Monday, February 8, 2010

Parenting Class Chapter Twenty Six

Disclaimer: There was a girl named IcyPanther. EieI-O! She wished she owned Harry Potter. EieI-O! With a wish for Draco and a wish for Harry. There a wish, here a wish, every where a wish-wish. IcyPanther doesn’t own Harry Potter, EieI-O!

CONTEST RESULTS!

The winner of the contest was Choice A with a 33 votes! Congrats to Luckygirly for her winning entry! Choice B came in second place with 15 votes, submitted by Knivesgirl346! And in a close third was Choice C with 13 votes, written by TsuirakuMitsukai! Congrats to you all! Below are some comments to each of you from me. Think of it as helpful criticism. But first…

-hands Luckygirly Ballerina Snape Plushie- Congrats, you earned it!

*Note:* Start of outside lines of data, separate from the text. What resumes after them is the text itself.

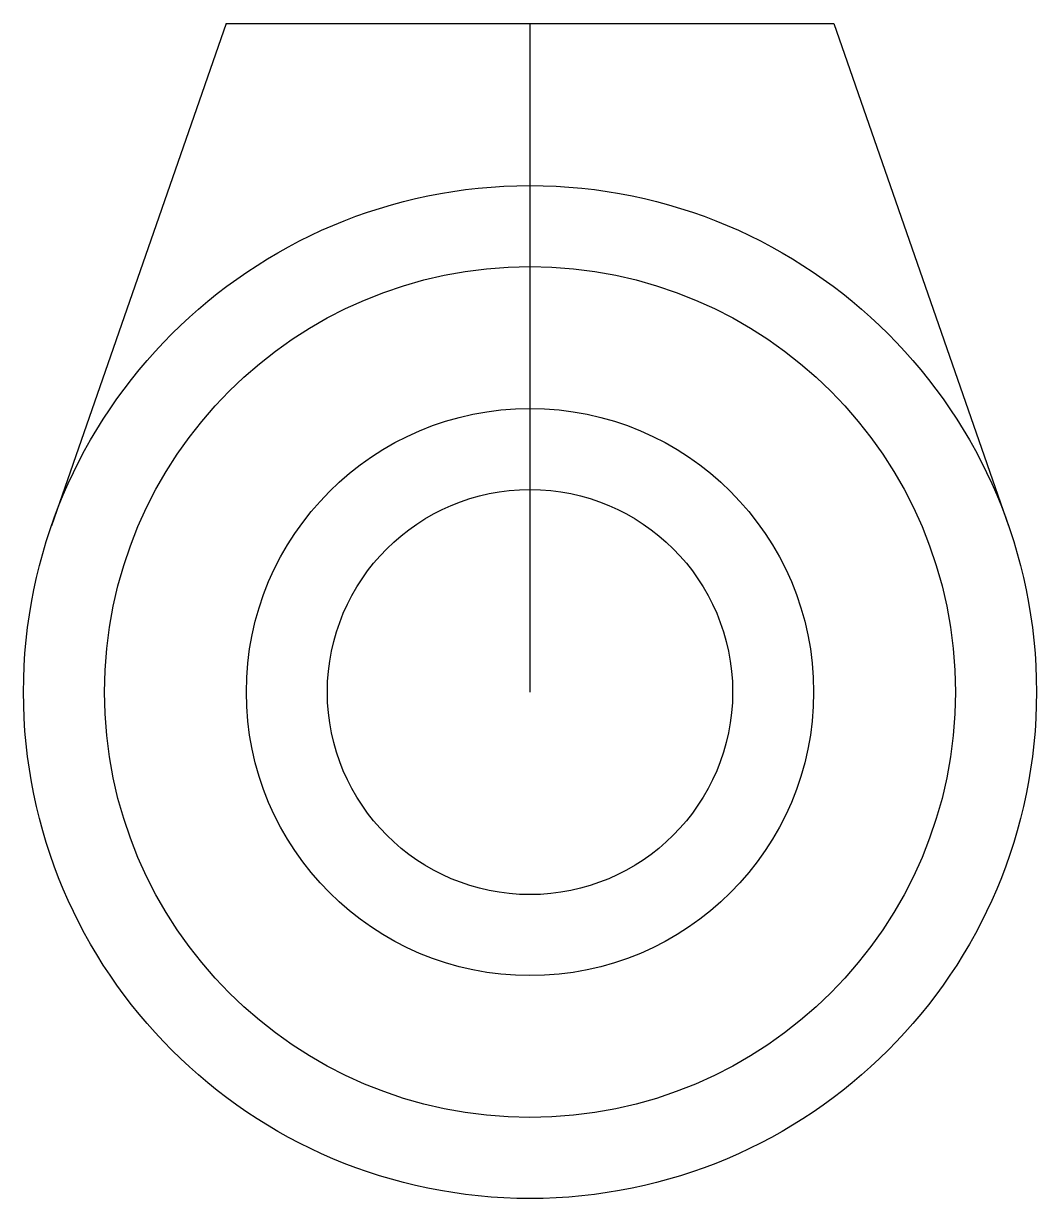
# Model space of a CAD drawing. Header units: millimetres. Extents: x -25 to 25, y -25 to 33.
import ezdxf

# ---------------------------------------------------------------- set-up
doc = ezdxf.new("R2010")
doc.units = ezdxf.units.MM
doc.layers.get('0').update_dxf_attribs({"linetype": 'CONTINUOUS'})

msp = doc.modelspace()

# ---------------------------------------------------------------- linework, layer by layer
for p, q in [((-15, 33), (-23.615, 8.205)), ((-15, 33), (15, 33)), ((0, 0), (0, 33)), ((15, 33), (23.615, 8.205))]:
    msp.add_line(p, q)
for radius in [25, 21, 14, 10]:
    msp.add_circle((0, 0), radius)

doc.saveas('drawing.dxf')
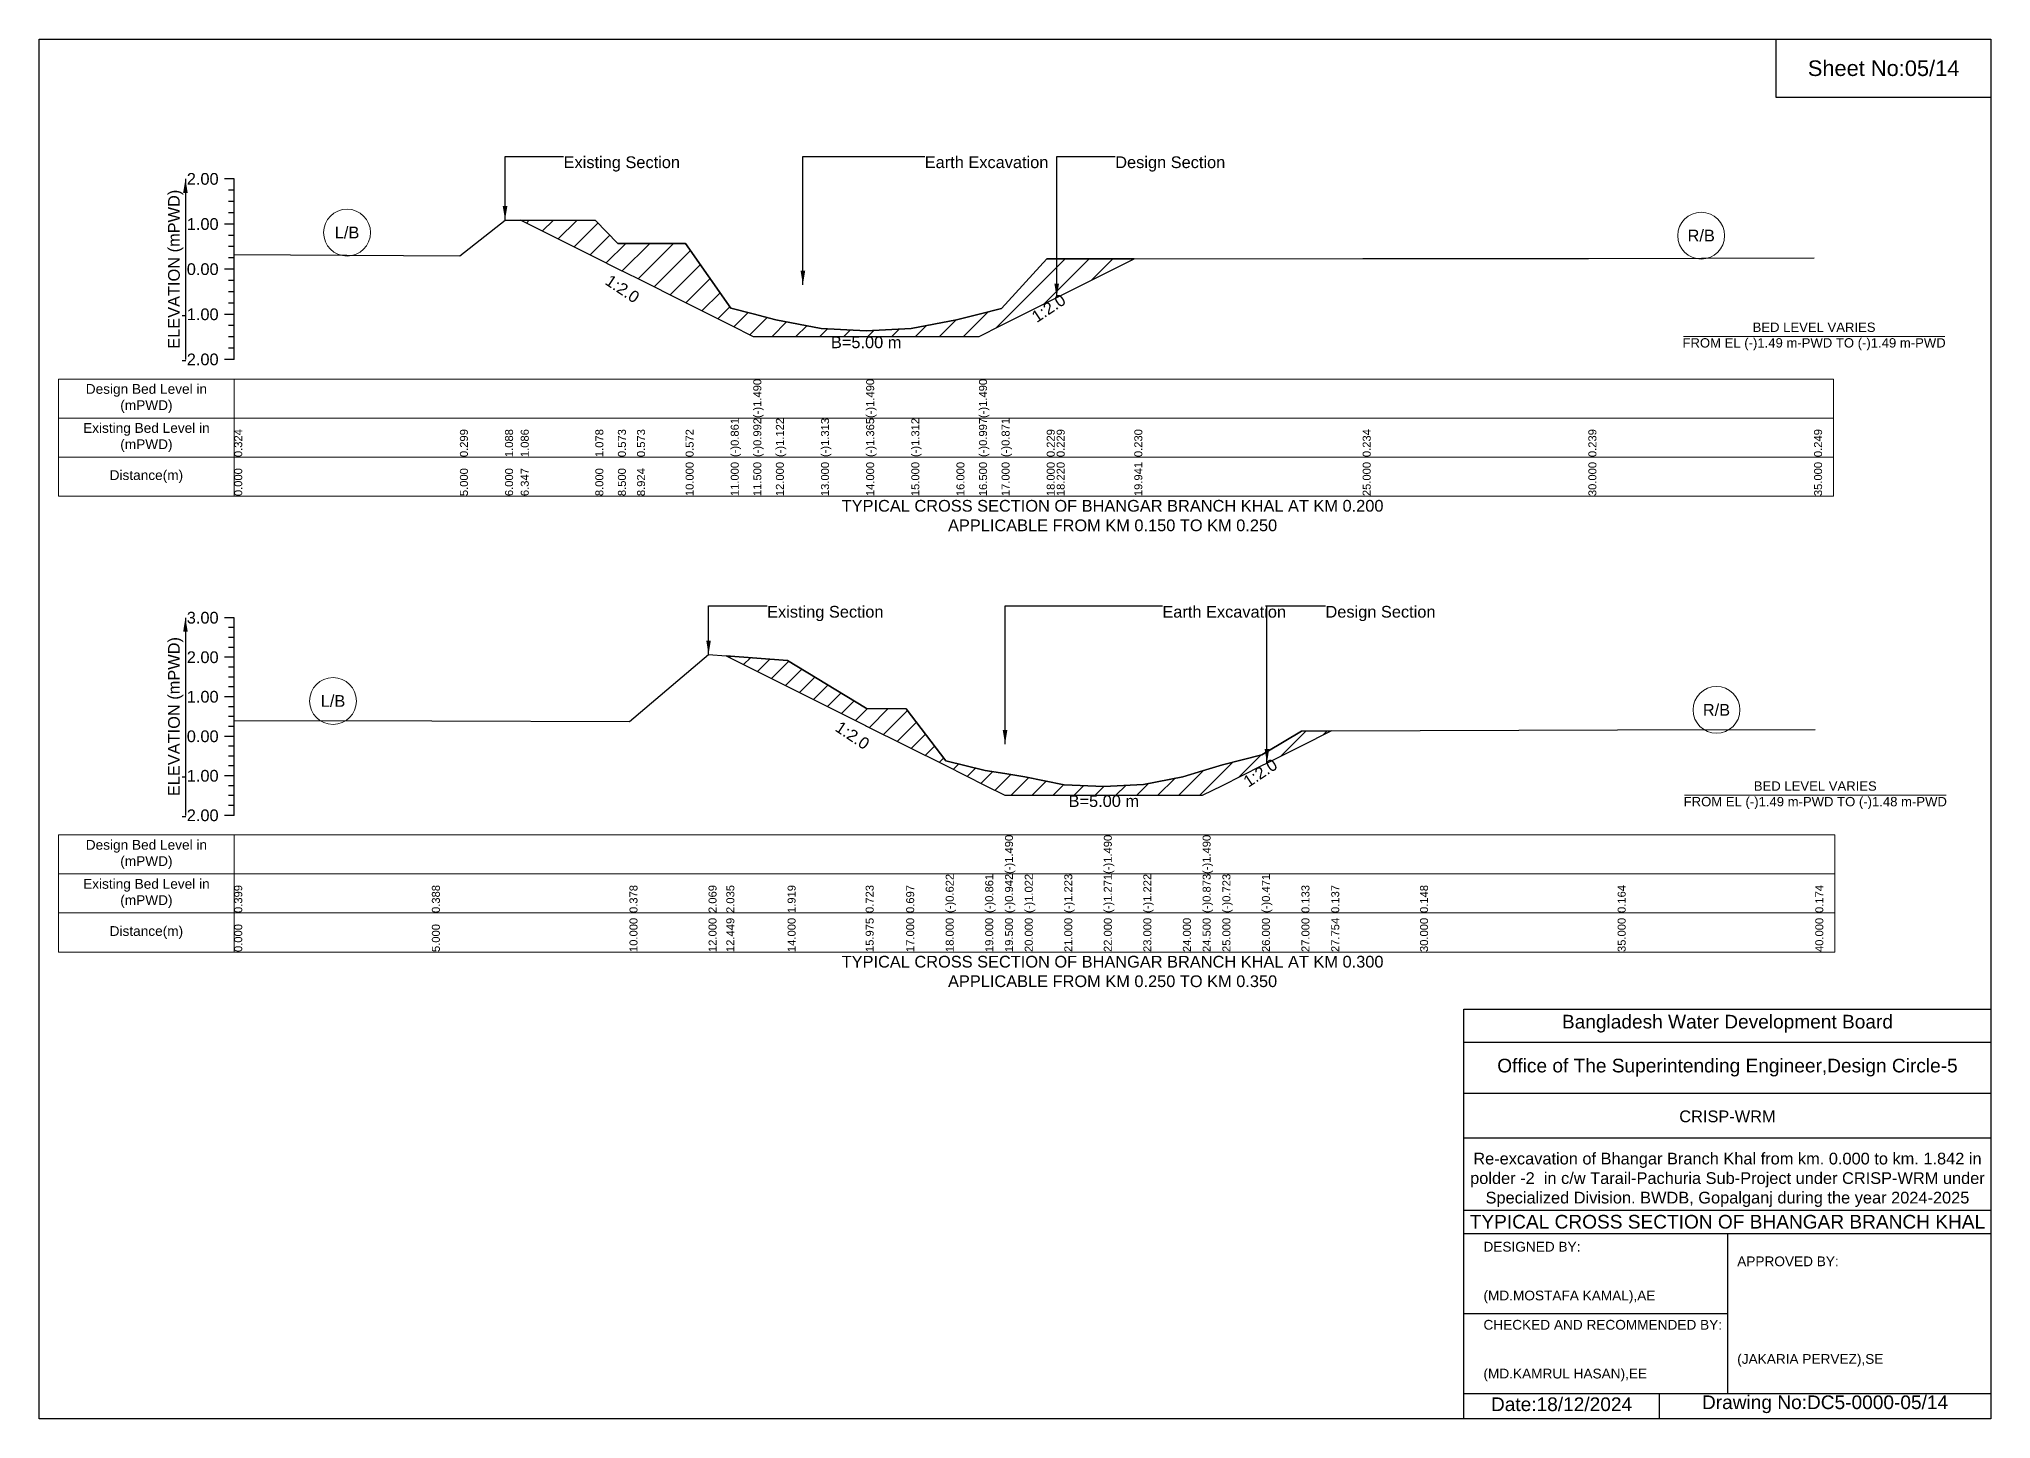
# Model space of a CAD drawing. Header units: inches. Extents: x 91000 to 238000, y -13637 to 0.
# Drawn here: x 140000 to 148000, y -5656 to 0 of the extents above; entities that cross this region are included whole.
import ezdxf

# ---------------------------------------------------------------- set-up
doc = ezdxf.new("R2010")
doc.units = ezdxf.units.IN
doc.header["$LTSCALE"] = 7
doc.header["$MEASUREMENT"] = 0
for name, color, linetype, lineweight in [('Cross section Data Border', 7, 'Continuous', 9), ('Cross Section Labels', 7, 'Continuous', 9), ('Existing_Bed_Level for Xsection', 7, 'Continuous', 25)]:
    doc.layers.add(name, color=color, linetype=linetype, lineweight=lineweight)
doc.styles.get("Standard").update_dxf_attribs({"font": 'arial.ttf'})
doc.dimstyles.get("Standard").update_dxf_attribs({"dimtxt": 0.18, "dimasz": 0.18, "dimexe": 0.18, "dimexo": 0.0625, "dimgap": 0.09, "dimtad": 0, "dimtih": 1, "dimtoh": 1, "dimdec": 4, "dimzin": 0, "dimdsep": 46, "dimtxsty": 'Standard', "dimcen": 0.09, "dimadec": 0, "dimazin": 0, "dimtfac": 1, "dimtdec": 4, "dimtofl": 0, "dimtmove": 0, "dimatfit": 3, "dimfxl": 1, "dimtolj": 1, "dimtzin": 0, "dimarcsym": 0})

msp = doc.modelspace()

Luckygirly- You definitely have a good idea of what you wanted to make as your story line. I quite liked all of the interaction you had with the other characters (namely Dobby) and the little bit with Harry and the chocolate cake was very touching. One thing I would have to comment on was it was sort of cliché. Not the baking the cake idea, but the finding the calendar with the date. Many people often use diaries or calendars to discover a secret of the character. And the ending, to me, was a bit odd when both switched to surnames. I didn’t quite get why that was put in. But other then that, nice entry and good luck with your writing!

Knivesgirl346- Very original idea. I loved all of the bickering between Mione and Draco. Especially when Harry intervened and told Draco to give it back before Hermione did anything. Smart words. :P I didn’t mind the book you chose to use, although I can’t really see Hermione ever using it. The one thing I would discourage though would be the use of actors (or actresses or other celebs). It appears that you like Brad Pitt, but other readers may not and then find the story less enjoyable. I try to not go into that area, especially when looks are concerned. Try not to let personal opinions get in the way would be my advice. But very nice entry, keep up the good work.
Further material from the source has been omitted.